The head of AWS's partner ecosystem just turned her own engineering team into a live demo, and the results are a blueprint for every company trying to figure out what "AI-assisted work" actually looks like when it ships.
The Summary
- Ruba Borno runs AWS's Global Specialists and Partners org and converted her AWS Marketplace engineering team into an AI-first unit: 88% higher shipping throughput, 21% faster time to production, 76% of code now AI-assisted
- AWS Partner Central now uses autonomous agents that qualify sales opportunities, route deals, and match resources without human input, adopted by 1,000+ partners since launch
- Her mandate to her teams: "We must use AI every day in nearly everything we do"
- The unlock isn't the model, it's the data plumbing: label it, control access, start with one use case and scale from there
The Signal
Most companies talk about AI pilots. AWS put its own Marketplace engineering team through one and published the receipts. The results matter because they're specific, measurable, and tied to a real production environment, not a sandbox. 76% of production code is now AI-assisted. Shipping throughput jumped 88%. Time to production dropped 21%. Rollback rates held steady, meaning quality didn't tank when velocity increased.
The model Borno describes is division of labor, not replacement. Humans define requirements. AI generates code. Autonomous agents triage incidents and push fixes without waiting for a prompt. This is Web4 operations: people set direction, agents execute, the work compounds while you sleep.
"Humans define requirements. AI generates code. Autonomous agents triage incidents and push fixes without waiting for a prompt."
The partner-facing work is where this gets interesting for anyone selling B2B. AWS Partner Central deployed AI agents that qualify inbound sales opportunities, deliver tailored guidance, and route each deal to the right team. More than 1,000 partners adopted the system since launch. That's not a beta, that's distribution. For partners, it means deals move faster and resources get matched sooner. For AWS, it means the sales funnel runs itself.

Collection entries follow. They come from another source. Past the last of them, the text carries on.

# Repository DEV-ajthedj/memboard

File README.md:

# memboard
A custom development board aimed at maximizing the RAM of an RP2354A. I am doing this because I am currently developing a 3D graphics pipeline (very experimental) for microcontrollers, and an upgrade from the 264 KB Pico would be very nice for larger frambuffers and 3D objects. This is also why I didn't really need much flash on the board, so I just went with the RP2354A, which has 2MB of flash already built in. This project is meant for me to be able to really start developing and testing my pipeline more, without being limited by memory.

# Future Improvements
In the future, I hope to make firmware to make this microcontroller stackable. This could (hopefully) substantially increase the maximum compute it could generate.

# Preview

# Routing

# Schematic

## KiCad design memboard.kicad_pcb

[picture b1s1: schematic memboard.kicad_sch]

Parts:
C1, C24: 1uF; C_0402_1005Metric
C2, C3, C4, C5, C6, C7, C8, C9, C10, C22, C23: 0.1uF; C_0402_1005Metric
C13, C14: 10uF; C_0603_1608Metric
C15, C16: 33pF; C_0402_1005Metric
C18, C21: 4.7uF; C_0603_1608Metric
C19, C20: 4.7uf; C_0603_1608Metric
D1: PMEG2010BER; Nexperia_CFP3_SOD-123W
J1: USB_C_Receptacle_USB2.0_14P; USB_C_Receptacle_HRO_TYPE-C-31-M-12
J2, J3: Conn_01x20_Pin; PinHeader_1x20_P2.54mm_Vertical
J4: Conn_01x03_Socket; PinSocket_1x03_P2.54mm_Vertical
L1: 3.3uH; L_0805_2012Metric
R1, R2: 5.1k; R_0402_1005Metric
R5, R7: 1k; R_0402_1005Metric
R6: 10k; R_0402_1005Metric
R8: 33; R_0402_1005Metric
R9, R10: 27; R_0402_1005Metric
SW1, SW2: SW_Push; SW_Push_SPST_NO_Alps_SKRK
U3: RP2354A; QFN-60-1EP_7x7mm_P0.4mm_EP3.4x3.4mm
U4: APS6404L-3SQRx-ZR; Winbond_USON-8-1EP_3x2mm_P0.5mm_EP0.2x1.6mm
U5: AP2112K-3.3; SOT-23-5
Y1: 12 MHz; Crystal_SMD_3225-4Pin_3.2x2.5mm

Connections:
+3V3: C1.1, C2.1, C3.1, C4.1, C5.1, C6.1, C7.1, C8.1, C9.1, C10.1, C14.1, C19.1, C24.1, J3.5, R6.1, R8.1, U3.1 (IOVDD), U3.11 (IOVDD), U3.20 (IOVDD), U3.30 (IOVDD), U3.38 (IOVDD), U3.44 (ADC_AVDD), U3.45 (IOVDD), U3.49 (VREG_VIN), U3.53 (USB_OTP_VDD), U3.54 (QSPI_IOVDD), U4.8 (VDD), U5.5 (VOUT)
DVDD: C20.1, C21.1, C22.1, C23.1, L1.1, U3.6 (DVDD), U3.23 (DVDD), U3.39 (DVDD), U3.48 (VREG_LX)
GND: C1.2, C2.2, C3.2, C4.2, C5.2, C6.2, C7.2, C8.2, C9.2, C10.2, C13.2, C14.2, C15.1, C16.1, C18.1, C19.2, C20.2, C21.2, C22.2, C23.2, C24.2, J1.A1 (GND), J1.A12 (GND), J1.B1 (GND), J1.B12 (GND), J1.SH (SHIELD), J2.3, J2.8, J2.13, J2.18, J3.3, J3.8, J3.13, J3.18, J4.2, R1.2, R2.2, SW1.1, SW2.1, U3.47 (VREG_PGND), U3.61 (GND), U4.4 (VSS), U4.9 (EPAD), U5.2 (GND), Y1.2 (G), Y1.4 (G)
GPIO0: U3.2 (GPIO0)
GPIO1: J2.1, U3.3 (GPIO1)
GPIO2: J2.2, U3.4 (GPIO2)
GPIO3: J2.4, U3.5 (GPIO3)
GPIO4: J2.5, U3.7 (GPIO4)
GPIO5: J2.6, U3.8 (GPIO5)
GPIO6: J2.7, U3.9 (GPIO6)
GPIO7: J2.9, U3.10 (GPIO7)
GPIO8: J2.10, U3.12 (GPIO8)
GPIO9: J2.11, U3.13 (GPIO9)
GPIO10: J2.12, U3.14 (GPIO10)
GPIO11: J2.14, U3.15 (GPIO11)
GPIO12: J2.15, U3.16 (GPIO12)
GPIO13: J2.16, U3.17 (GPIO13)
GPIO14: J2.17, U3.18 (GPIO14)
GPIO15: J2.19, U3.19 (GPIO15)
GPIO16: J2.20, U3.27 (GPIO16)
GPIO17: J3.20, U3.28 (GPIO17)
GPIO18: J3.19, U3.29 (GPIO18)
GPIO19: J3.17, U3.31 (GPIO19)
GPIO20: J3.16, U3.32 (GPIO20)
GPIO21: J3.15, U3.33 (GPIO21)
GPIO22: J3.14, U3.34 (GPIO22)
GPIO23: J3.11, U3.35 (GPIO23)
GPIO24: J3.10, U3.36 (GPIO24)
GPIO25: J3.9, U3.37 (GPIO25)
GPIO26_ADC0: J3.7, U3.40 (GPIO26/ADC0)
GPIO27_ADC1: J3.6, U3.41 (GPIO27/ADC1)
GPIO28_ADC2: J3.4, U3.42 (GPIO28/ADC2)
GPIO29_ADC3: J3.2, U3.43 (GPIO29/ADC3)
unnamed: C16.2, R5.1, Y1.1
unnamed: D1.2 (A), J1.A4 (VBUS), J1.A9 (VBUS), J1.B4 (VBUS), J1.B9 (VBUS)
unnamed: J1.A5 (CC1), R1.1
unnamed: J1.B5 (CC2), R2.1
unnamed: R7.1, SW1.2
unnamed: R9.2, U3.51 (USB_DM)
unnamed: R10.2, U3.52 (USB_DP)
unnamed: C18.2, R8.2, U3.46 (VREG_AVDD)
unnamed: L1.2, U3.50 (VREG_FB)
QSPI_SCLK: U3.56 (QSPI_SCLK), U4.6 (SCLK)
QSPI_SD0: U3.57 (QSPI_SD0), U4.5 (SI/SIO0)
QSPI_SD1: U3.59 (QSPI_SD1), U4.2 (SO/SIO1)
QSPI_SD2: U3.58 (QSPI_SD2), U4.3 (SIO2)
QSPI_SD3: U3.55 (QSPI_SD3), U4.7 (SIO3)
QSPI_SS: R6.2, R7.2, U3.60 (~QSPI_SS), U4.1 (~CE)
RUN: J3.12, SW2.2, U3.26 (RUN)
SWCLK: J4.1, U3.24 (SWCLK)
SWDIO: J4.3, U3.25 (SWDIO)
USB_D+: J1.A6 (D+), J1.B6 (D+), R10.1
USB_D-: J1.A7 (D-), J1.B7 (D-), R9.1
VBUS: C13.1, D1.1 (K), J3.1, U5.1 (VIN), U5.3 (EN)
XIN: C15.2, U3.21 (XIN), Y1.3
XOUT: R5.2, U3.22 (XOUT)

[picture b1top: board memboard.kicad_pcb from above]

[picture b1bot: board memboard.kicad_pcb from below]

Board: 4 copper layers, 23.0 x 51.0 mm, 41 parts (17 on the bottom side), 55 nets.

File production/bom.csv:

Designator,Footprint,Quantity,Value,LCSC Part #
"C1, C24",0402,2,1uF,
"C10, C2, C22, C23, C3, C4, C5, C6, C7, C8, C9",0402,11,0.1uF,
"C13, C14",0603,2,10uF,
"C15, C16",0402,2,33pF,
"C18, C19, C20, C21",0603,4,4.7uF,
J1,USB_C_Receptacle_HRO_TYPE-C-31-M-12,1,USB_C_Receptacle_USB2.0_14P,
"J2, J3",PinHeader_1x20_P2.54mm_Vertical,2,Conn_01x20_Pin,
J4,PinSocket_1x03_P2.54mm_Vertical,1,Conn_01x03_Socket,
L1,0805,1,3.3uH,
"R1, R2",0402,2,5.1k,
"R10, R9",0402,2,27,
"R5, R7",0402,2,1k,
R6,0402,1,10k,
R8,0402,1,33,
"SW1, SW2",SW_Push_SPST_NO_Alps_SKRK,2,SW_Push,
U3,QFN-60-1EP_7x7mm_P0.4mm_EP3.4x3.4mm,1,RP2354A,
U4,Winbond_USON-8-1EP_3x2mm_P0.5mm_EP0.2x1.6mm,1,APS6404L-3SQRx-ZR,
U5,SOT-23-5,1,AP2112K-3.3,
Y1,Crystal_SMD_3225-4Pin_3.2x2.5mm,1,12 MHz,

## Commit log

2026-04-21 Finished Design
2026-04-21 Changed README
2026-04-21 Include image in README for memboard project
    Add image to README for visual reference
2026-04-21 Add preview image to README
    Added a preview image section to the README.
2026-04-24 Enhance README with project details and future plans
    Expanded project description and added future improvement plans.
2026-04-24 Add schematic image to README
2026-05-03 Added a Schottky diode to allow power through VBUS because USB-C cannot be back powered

The Marketplace reinvention is the consumer-facing version of the same shift. Agent mode lets customers ask questions conversationally and get routed to the right product. Express private offers deliver personalized pricing in minutes instead of weeks of back-and-forth with sales. Both moves strip friction out of buying, which is what happens when you let agents handle the parts of commerce that don't require human judgment.
Key moves Borno made to get adoption:
- Mandate daily AI use across the org
- Start with one use case, not a full data warehouse overhaul
- Build the plumbing to connect, label, and control data access
- Deploy agents in production, not just demos
Borno's framework for getting worker buy-in is anti-hype. The AI tools need access to the right contextual data. That means infrastructure work: connect the data, label it, organize it so it's findable, set access controls. You don't unify everything on day one. You work backwards from a specific use case, get that data right, and scale from there. Without the right data, the agent is just expensive autocomplete.
The Implication
If you're leading an engineering or sales org and wondering whether AI agents are real or vaporware, AWS just gave you a case study with numbers attached. The playbook is clear: pick one high-friction process, feed the agents the right data, let them run in production, measure the throughput gains. Start with incident triage or lead qualification, not your entire stack.
For partners and B2B sellers, the shift is already happening. Buyers expect instant personalized pricing and conversational guidance. If your sales process still requires three meetings to deliver a quote, you're competing against agents that do it in three minutes. The question isn't whether to deploy this, it's how fast you can build the data infrastructure to support it.